(Available data)
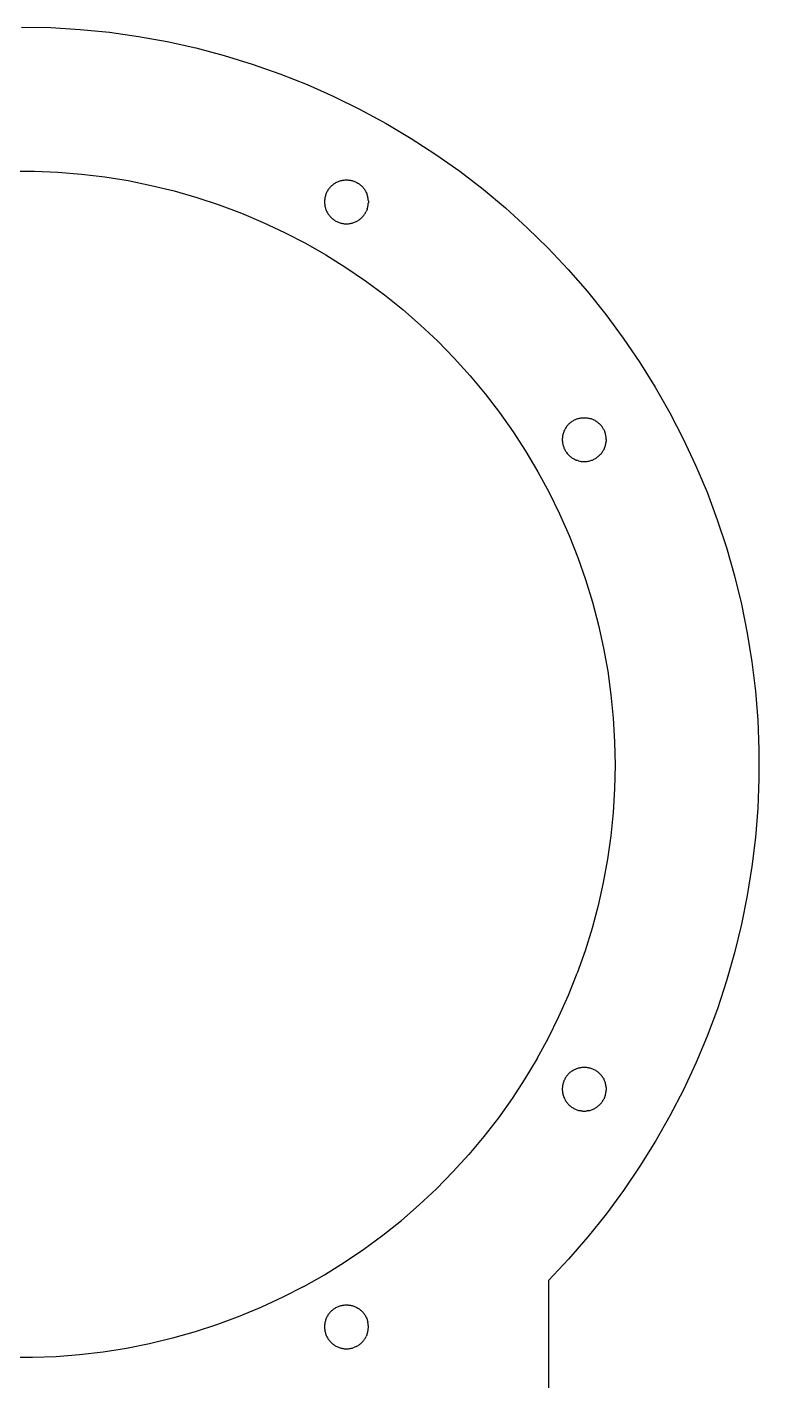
# Model space of a CAD drawing. Header units: millimetres. Extents: x -50 to 192, y -197 to 32.
# Drawn here: x 0.3 to 42, y -141.1 to -64 of the extents above; entities that cross this region are included whole.
import ezdxf

# ---------------------------------------------------------------- set-up
doc = ezdxf.new("R2010")
doc.units = ezdxf.units.MM
doc.layers.add('FRONT_XZ', color=7, linetype='Continuous')

msp = doc.modelspace()

# ---------------------------------------------------------------- linework, layer by layer
at = {"layer": 'FRONT_XZ'}
for p, q in [((0, -64), (1.67, -64.033)), ((1.67, -64.033), (3.337, -64.133)), ((3.337, -64.133), (4.998, -64.298)), ((4.998, -64.298), (6.652, -64.53)), ((6.652, -64.53), (8.295, -64.827)), ((8.295, -64.827), (9.925, -65.19)), ((9.925, -65.19), (11.54, -65.616)), ((11.54, -65.616), (13.136, -66.107)), ((13.136, -66.107), (14.711, -66.661)), ((14.711, -66.661), (16.264, -67.277)), ((16.264, -67.277), (17.79, -67.954)), ((17.79, -67.954), (19.288, -68.691)), ((19.288, -68.691), (20.756, -69.487)), ((20.756, -69.487), (22.191, -70.341)), ((22.191, -70.341), (23.591, -71.252)), ((23.591, -71.252), (24.954, -72.217)), ((-0.62, -72.206), (0.724, -72.208)), ((0.724, -72.208), (2.067, -72.263)), ((2.067, -72.263), (3.407, -72.372)), ((3.407, -72.372), (4.741, -72.534)), ((24.954, -72.217), (26.277, -73.236)), ((4.741, -72.534), (6.068, -72.749)), ((6.068, -72.749), (7.385, -73.017)), ((7.385, -73.017), (8.69, -73.336)), ((17.466, -73.255), (17.439, -73.297)), ((17.495, -73.214), (17.466, -73.255)), ((17.525, -73.175), (17.495, -73.214)), ((17.557, -73.137), (17.525, -73.175)), ((17.59, -73.1), (17.557, -73.137)), ((17.59, -73.1), (17.625, -73.064)), ((17.625, -73.064), (17.661, -73.03)), ((17.661, -73.03), (17.699, -72.998)), ((17.699, -72.998), (17.737, -72.967)), ((17.737, -72.967), (17.777, -72.937)), ((17.777, -72.937), (17.819, -72.909)), ((17.819, -72.909), (17.861, -72.883)), ((17.861, -72.883), (17.904, -72.858)), ((17.904, -72.858), (17.948, -72.836)), ((17.948, -72.836), (17.993, -72.814)), ((17.993, -72.814), (18.039, -72.795)), ((18.039, -72.795), (18.085, -72.778)), ((18.085, -72.778), (18.133, -72.762)), ((18.133, -72.762), (18.18, -72.749)), ((18.18, -72.749), (18.229, -72.737)), ((18.229, -72.737), (18.278, -72.727)), ((18.278, -72.727), (18.327, -72.719)), ((18.327, -72.719), (18.376, -72.713)), ((18.376, -72.713), (18.425, -72.709)), ((18.425, -72.709), (18.475, -72.707)), ((18.475, -72.707), (18.525, -72.707)), ((18.525, -72.707), (18.575, -72.709)), ((18.575, -72.709), (18.624, -72.713)), ((18.624, -72.713), (18.673, -72.719)), ((18.673, -72.719), (18.722, -72.727)), ((18.722, -72.727), (18.771, -72.737)), ((18.771, -72.737), (18.82, -72.749)), ((18.82, -72.749), (18.867, -72.762)), ((18.867, -72.762), (18.915, -72.778)), ((18.915, -72.778), (18.961, -72.795)), ((18.961, -72.795), (19.007, -72.814)), ((19.007, -72.814), (19.052, -72.836)), ((19.052, -72.836), (19.096, -72.858)), ((19.096, -72.858), (19.139, -72.883)), ((19.139, -72.883), (19.181, -72.909)), ((19.181, -72.909), (19.223, -72.937)), ((19.223, -72.937), (19.263, -72.967)), ((19.263, -72.967), (19.301, -72.998)), ((19.301, -72.998), (19.339, -73.03)), ((19.375, -73.064), (19.339, -73.03)), ((19.375, -73.064), (19.41, -73.1)), ((19.41, -73.1), (19.443, -73.137)), ((19.443, -73.137), (19.475, -73.175)), ((19.475, -73.175), (19.505, -73.214)), ((19.505, -73.214), (19.534, -73.255)), ((19.534, -73.255), (19.561, -73.297)), ((26.277, -73.236), (27.559, -74.306)), ((8.69, -73.336), (9.982, -73.708)), ((9.982, -73.708), (11.258, -74.13)), ((17.251, -73.907), (17.25, -73.957)), ((17.25, -73.957), (17.251, -74.007)), ((17.254, -73.858), (17.251, -73.907)), ((17.251, -74.007), (17.254, -74.056)), ((17.259, -73.808), (17.254, -73.858)), ((17.266, -73.759), (17.259, -73.808)), ((17.275, -73.71), (17.266, -73.759)), ((17.285, -73.662), (17.275, -73.71)), ((17.298, -73.614), (17.285, -73.662)), ((17.313, -73.566), (17.298, -73.614)), ((17.329, -73.519), (17.313, -73.566)), ((17.348, -73.473), (17.329, -73.519)), ((17.368, -73.428), (17.348, -73.473)), ((17.39, -73.383), (17.368, -73.428)), ((17.413, -73.339), (17.39, -73.383)), ((17.439, -73.297), (17.413, -73.339)), ((19.561, -73.297), (19.587, -73.339)), ((19.587, -73.339), (19.61, -73.383)), ((19.61, -73.383), (19.632, -73.428)), ((19.632, -73.428), (19.652, -73.473)), ((19.652, -73.473), (19.671, -73.519)), ((19.687, -73.566), (19.671, -73.519)), ((19.702, -73.614), (19.687, -73.566)), ((19.715, -73.662), (19.702, -73.614)), ((19.725, -73.71), (19.715, -73.662)), ((19.734, -73.759), (19.725, -73.71)), ((19.741, -73.808), (19.734, -73.759)), ((19.746, -73.858), (19.741, -73.808)), ((19.749, -73.907), (19.746, -73.858)), ((19.746, -74.056), (19.749, -74.007)), ((19.749, -73.907), (19.75, -73.957)), ((19.75, -73.957), (19.749, -74.007)), ((11.258, -74.13), (12.516, -74.603)), ((12.516, -74.603), (13.754, -75.125)), ((17.254, -74.056), (17.259, -74.106)), ((17.259, -74.106), (17.266, -74.155)), ((17.266, -74.155), (17.275, -74.204)), ((17.275, -74.204), (17.285, -74.252)), ((17.285, -74.252), (17.298, -74.301)), ((17.298, -74.301), (17.313, -74.348)), ((17.313, -74.348), (17.329, -74.395)), ((17.329, -74.395), (17.348, -74.441)), ((17.348, -74.441), (17.368, -74.487)), ((17.368, -74.487), (17.39, -74.531)), ((17.39, -74.531), (17.413, -74.575)), ((17.413, -74.575), (17.439, -74.618)), ((17.439, -74.618), (17.466, -74.659)), ((17.466, -74.659), (17.495, -74.7)), ((17.495, -74.7), (17.525, -74.739)), ((17.525, -74.739), (17.557, -74.777)), ((17.557, -74.777), (17.59, -74.814)), ((19.41, -74.814), (19.443, -74.777)), ((19.443, -74.777), (19.475, -74.739)), ((19.475, -74.739), (19.505, -74.7)), ((19.505, -74.7), (19.534, -74.659)), ((19.534, -74.659), (19.561, -74.618)), ((19.561, -74.618), (19.587, -74.575)), ((19.587, -74.575), (19.61, -74.531)), ((19.632, -74.487), (19.61, -74.531)), ((19.652, -74.441), (19.632, -74.487)), ((19.671, -74.395), (19.652, -74.441)), ((19.687, -74.348), (19.671, -74.395)), ((19.687, -74.348), (19.702, -74.301)), ((19.702, -74.301), (19.715, -74.252)), ((19.715, -74.252), (19.725, -74.204)), ((19.725, -74.204), (19.734, -74.155)), ((19.734, -74.155), (19.741, -74.106)), ((19.741, -74.106), (19.746, -74.056)), ((27.559, -74.306), (28.797, -75.427)), ((13.754, -75.125), (14.971, -75.696)), ((17.59, -74.814), (17.625, -74.85)), ((17.625, -74.85), (17.661, -74.884)), ((17.661, -74.884), (17.699, -74.916)), ((17.699, -74.916), (17.737, -74.947)), ((17.737, -74.947), (17.777, -74.977)), ((17.777, -74.977), (17.819, -75.005)), ((17.819, -75.005), (17.861, -75.031)), ((17.861, -75.031), (17.904, -75.056)), ((17.904, -75.056), (17.948, -75.079)), ((17.948, -75.079), (17.993, -75.1)), ((17.993, -75.1), (18.039, -75.119)), ((18.039, -75.119), (18.085, -75.136)), ((18.085, -75.136), (18.133, -75.152)), ((18.133, -75.152), (18.18, -75.166)), ((18.18, -75.166), (18.229, -75.177)), ((18.229, -75.177), (18.278, -75.187)), ((18.278, -75.187), (18.327, -75.195)), ((18.327, -75.195), (18.376, -75.201)), ((18.376, -75.201), (18.425, -75.205)), ((18.425, -75.205), (18.475, -75.207)), ((18.475, -75.207), (18.525, -75.207)), ((18.525, -75.207), (18.575, -75.205)), ((18.575, -75.205), (18.624, -75.201)), ((18.624, -75.201), (18.673, -75.195)), ((18.673, -75.195), (18.722, -75.187)), ((18.722, -75.187), (18.771, -75.177)), ((18.771, -75.177), (18.82, -75.166)), ((18.82, -75.166), (18.867, -75.152)), ((18.867, -75.152), (18.915, -75.136)), ((18.915, -75.136), (18.961, -75.119)), ((18.961, -75.119), (19.007, -75.1)), ((19.007, -75.1), (19.052, -75.079)), ((19.052, -75.079), (19.096, -75.056)), ((19.096, -75.056), (19.139, -75.031)), ((19.139, -75.031), (19.181, -75.005)), ((19.181, -75.005), (19.223, -74.977)), ((19.223, -74.977), (19.263, -74.947)), ((19.263, -74.947), (19.301, -74.916)), ((19.301, -74.916), (19.339, -74.884)), ((19.339, -74.884), (19.375, -74.85)), ((19.375, -74.85), (19.41, -74.814)), ((28.797, -75.427), (29.99, -76.596)), ((14.971, -75.696), (16.164, -76.316)), ((16.164, -76.316), (17.331, -76.982)), ((17.331, -76.982), (18.471, -77.694)), ((29.99, -76.596), (31.135, -77.811)), ((18.471, -77.694), (19.582, -78.45)), ((31.135, -77.811), (32.231, -79.071)), ((19.582, -78.45), (20.662, -79.251)), ((20.662, -79.251), (21.709, -80.093)), ((32.231, -79.071), (33.276, -80.373)), ((21.709, -80.093), (22.722, -80.977)), ((22.722, -80.977), (23.699, -81.9)), ((33.276, -80.373), (34.268, -81.716)), ((34.268, -81.716), (35.206, -83.098)), ((23.699, -81.9), (24.638, -82.861)), ((24.638, -82.861), (25.538, -83.859)), ((35.206, -83.098), (36.089, -84.516)), ((25.538, -83.859), (26.398, -84.892)), ((36.089, -84.516), (36.915, -85.967)), ((26.398, -84.892), (27.217, -85.958)), ((27.217, -85.958), (27.992, -87.056)), ((31.491, -86.378), (31.536, -86.357)), ((31.536, -86.357), (31.582, -86.338)), ((31.582, -86.338), (31.628, -86.321)), ((31.628, -86.321), (31.676, -86.305)), ((31.676, -86.305), (31.723, -86.292)), ((31.723, -86.292), (31.772, -86.28)), ((31.772, -86.28), (31.82, -86.27)), ((31.82, -86.27), (31.87, -86.262)), ((31.87, -86.262), (31.919, -86.256)), ((31.919, -86.256), (31.968, -86.252)), ((31.968, -86.252), (32.018, -86.25)), ((32.018, -86.25), (32.068, -86.25)), ((32.068, -86.25), (32.117, -86.252)), ((32.117, -86.252), (32.167, -86.256)), ((32.167, -86.256), (32.216, -86.262)), ((32.216, -86.262), (32.265, -86.27)), ((32.265, -86.27), (32.314, -86.28)), ((32.314, -86.28), (32.362, -86.292)), ((32.362, -86.292), (32.41, -86.305)), ((32.41, -86.305), (32.457, -86.321)), ((32.457, -86.321), (32.504, -86.338)), ((32.504, -86.338), (32.55, -86.357)), ((32.55, -86.357), (32.595, -86.378)), ((36.915, -85.967), (37.682, -87.45)), ((27.992, -87.056), (28.723, -88.184)), ((30.856, -87.109), (30.841, -87.157)), ((30.872, -87.062), (30.856, -87.109)), ((30.89, -87.016), (30.872, -87.062)), ((30.911, -86.97), (30.89, -87.016)), ((30.933, -86.926), (30.911, -86.97)), ((30.956, -86.882), (30.933, -86.926)), ((30.982, -86.839), (30.956, -86.882)), ((31.009, -86.798), (30.982, -86.839)), ((31.038, -86.757), (31.009, -86.798)), ((31.068, -86.718), (31.038, -86.757)), ((31.1, -86.68), (31.068, -86.718)), ((31.133, -86.643), (31.1, -86.68)), ((31.133, -86.643), (31.168, -86.607)), ((31.168, -86.607), (31.204, -86.573)), ((31.204, -86.573), (31.242, -86.541)), ((31.242, -86.541), (31.28, -86.51)), ((31.28, -86.51), (31.32, -86.48)), ((31.32, -86.48), (31.361, -86.452)), ((31.361, -86.452), (31.404, -86.426)), ((31.404, -86.426), (31.447, -86.401)), ((31.447, -86.401), (31.491, -86.378)), ((32.595, -86.378), (32.639, -86.401)), ((32.639, -86.401), (32.682, -86.426)), ((32.682, -86.426), (32.724, -86.452)), ((32.724, -86.452), (32.766, -86.48)), ((32.766, -86.48), (32.806, -86.51)), ((32.844, -86.541), (32.806, -86.51)), ((32.882, -86.573), (32.844, -86.541)), ((32.918, -86.607), (32.882, -86.573)), ((32.953, -86.643), (32.918, -86.607)), ((32.986, -86.68), (32.953, -86.643)), ((33.018, -86.718), (32.986, -86.68)), ((33.048, -86.757), (33.018, -86.718)), ((33.077, -86.798), (33.048, -86.757)), ((33.104, -86.839), (33.077, -86.798)), ((33.13, -86.882), (33.104, -86.839)), ((33.153, -86.926), (33.13, -86.882)), ((33.153, -86.926), (33.175, -86.97)), ((33.175, -86.97), (33.195, -87.016)), ((33.195, -87.016), (33.214, -87.062)), ((33.23, -87.109), (33.214, -87.062)), ((33.245, -87.157), (33.23, -87.109)), ((30.794, -87.45), (30.793, -87.5)), ((30.793, -87.5), (30.794, -87.55)), ((30.797, -87.401), (30.794, -87.45)), ((30.794, -87.55), (30.797, -87.599)), ((30.802, -87.351), (30.797, -87.401)), ((30.797, -87.599), (30.802, -87.649)), ((30.809, -87.302), (30.802, -87.351)), ((30.802, -87.649), (30.809, -87.698)), ((30.818, -87.253), (30.809, -87.302)), ((30.809, -87.698), (30.818, -87.747)), ((30.828, -87.205), (30.818, -87.253)), ((30.818, -87.747), (30.828, -87.795)), ((30.841, -87.157), (30.828, -87.205)), ((30.828, -87.795), (30.841, -87.843)), ((30.841, -87.843), (30.856, -87.891)), ((30.856, -87.891), (30.872, -87.938)), ((33.214, -87.938), (33.23, -87.891)), ((33.23, -87.891), (33.245, -87.843)), ((33.258, -87.205), (33.245, -87.157)), ((33.245, -87.843), (33.258, -87.795)), ((33.268, -87.253), (33.258, -87.205)), ((33.258, -87.795), (33.268, -87.747)), ((33.277, -87.302), (33.268, -87.253)), ((33.268, -87.747), (33.277, -87.698)), ((33.284, -87.351), (33.277, -87.302)), ((33.277, -87.698), (33.284, -87.649)), ((33.289, -87.401), (33.284, -87.351)), ((33.284, -87.649), (33.289, -87.599)), ((33.292, -87.45), (33.289, -87.401)), ((33.292, -87.55), (33.289, -87.599)), ((33.293, -87.5), (33.292, -87.45)), ((33.293, -87.5), (33.292, -87.55)), ((37.682, -87.45), (38.389, -88.963)), ((28.723, -88.184), (29.409, -89.34)), ((30.872, -87.938), (30.89, -87.984)), ((30.89, -87.984), (30.911, -88.03)), ((30.911, -88.03), (30.933, -88.074)), ((30.933, -88.074), (30.956, -88.118)), ((30.956, -88.118), (30.982, -88.161)), ((30.982, -88.161), (31.009, -88.202)), ((31.009, -88.202), (31.038, -88.243)), ((31.038, -88.243), (31.068, -88.282)), ((31.068, -88.282), (31.1, -88.32)), ((31.1, -88.32), (31.133, -88.357)), ((31.133, -88.357), (31.168, -88.393)), ((31.168, -88.393), (31.204, -88.427)), ((31.204, -88.427), (31.242, -88.459)), ((31.242, -88.459), (31.28, -88.49)), ((31.28, -88.49), (31.32, -88.52)), ((31.32, -88.52), (31.361, -88.548)), ((31.361, -88.548), (31.404, -88.574)), ((31.404, -88.574), (31.447, -88.599)), ((31.447, -88.599), (31.491, -88.622)), ((31.491, -88.622), (31.536, -88.643)), ((31.536, -88.643), (31.582, -88.662)), ((31.582, -88.662), (31.628, -88.679)), ((31.676, -88.695), (31.628, -88.679)), ((32.41, -88.695), (32.457, -88.679)), ((32.457, -88.679), (32.504, -88.662)), ((32.504, -88.662), (32.55, -88.643)), ((32.55, -88.643), (32.595, -88.622)), ((32.595, -88.622), (32.639, -88.599)), ((32.639, -88.599), (32.682, -88.574)), ((32.682, -88.574), (32.724, -88.548)), ((32.724, -88.548), (32.766, -88.52)), ((32.766, -88.52), (32.806, -88.49)), ((32.806, -88.49), (32.844, -88.459)), ((32.882, -88.427), (32.844, -88.459)), ((32.918, -88.393), (32.882, -88.427)), ((32.918, -88.393), (32.953, -88.357)), ((32.953, -88.357), (32.986, -88.32)), ((32.986, -88.32), (33.018, -88.282)), ((33.018, -88.282), (33.048, -88.243)), ((33.048, -88.243), (33.077, -88.202)), ((33.077, -88.202), (33.104, -88.161)), ((33.104, -88.161), (33.13, -88.118)), ((33.153, -88.074), (33.13, -88.118)), ((33.175, -88.03), (33.153, -88.074)), ((33.175, -88.03), (33.195, -87.984)), ((33.195, -87.984), (33.214, -87.938)), ((29.409, -89.34), (30.048, -90.522)), ((31.723, -88.708), (31.676, -88.695)), ((31.723, -88.708), (31.772, -88.72)), ((31.772, -88.72), (31.82, -88.73)), ((31.82, -88.73), (31.87, -88.738)), ((31.87, -88.738), (31.919, -88.744)), ((31.919, -88.744), (31.968, -88.748)), ((31.968, -88.748), (32.018, -88.75)), ((32.018, -88.75), (32.068, -88.75)), ((32.068, -88.75), (32.117, -88.748)), ((32.117, -88.748), (32.167, -88.744)), ((32.167, -88.744), (32.216, -88.738)), ((32.216, -88.738), (32.265, -88.73)), ((32.265, -88.73), (32.314, -88.72)), ((32.314, -88.72), (32.362, -88.708)), ((32.362, -88.708), (32.41, -88.695)), ((38.389, -88.963), (39.036, -90.502)), ((30.048, -90.522), (30.639, -91.729)), ((39.036, -90.502), (39.621, -92.067)), ((30.639, -91.729), (31.183, -92.958)), ((39.621, -92.067), (40.144, -93.653)), ((31.183, -92.958), (31.676, -94.208)), ((40.144, -93.653), (40.603, -95.258)), ((31.676, -94.208), (32.12, -95.477)), ((32.12, -95.477), (32.513, -96.762)), ((40.603, -95.258), (40.998, -96.881)), ((32.513, -96.762), (32.855, -98.062)), ((40.998, -96.881), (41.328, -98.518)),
(End Available data)
**What is being asked:** The lines to show are those in the data above that include "units".

**Result below:**
# Model space of a CAD drawing. Header units: millimetres. Extents: x -50 to 192, y -197 to 32.
doc.units = ezdxf.units.MM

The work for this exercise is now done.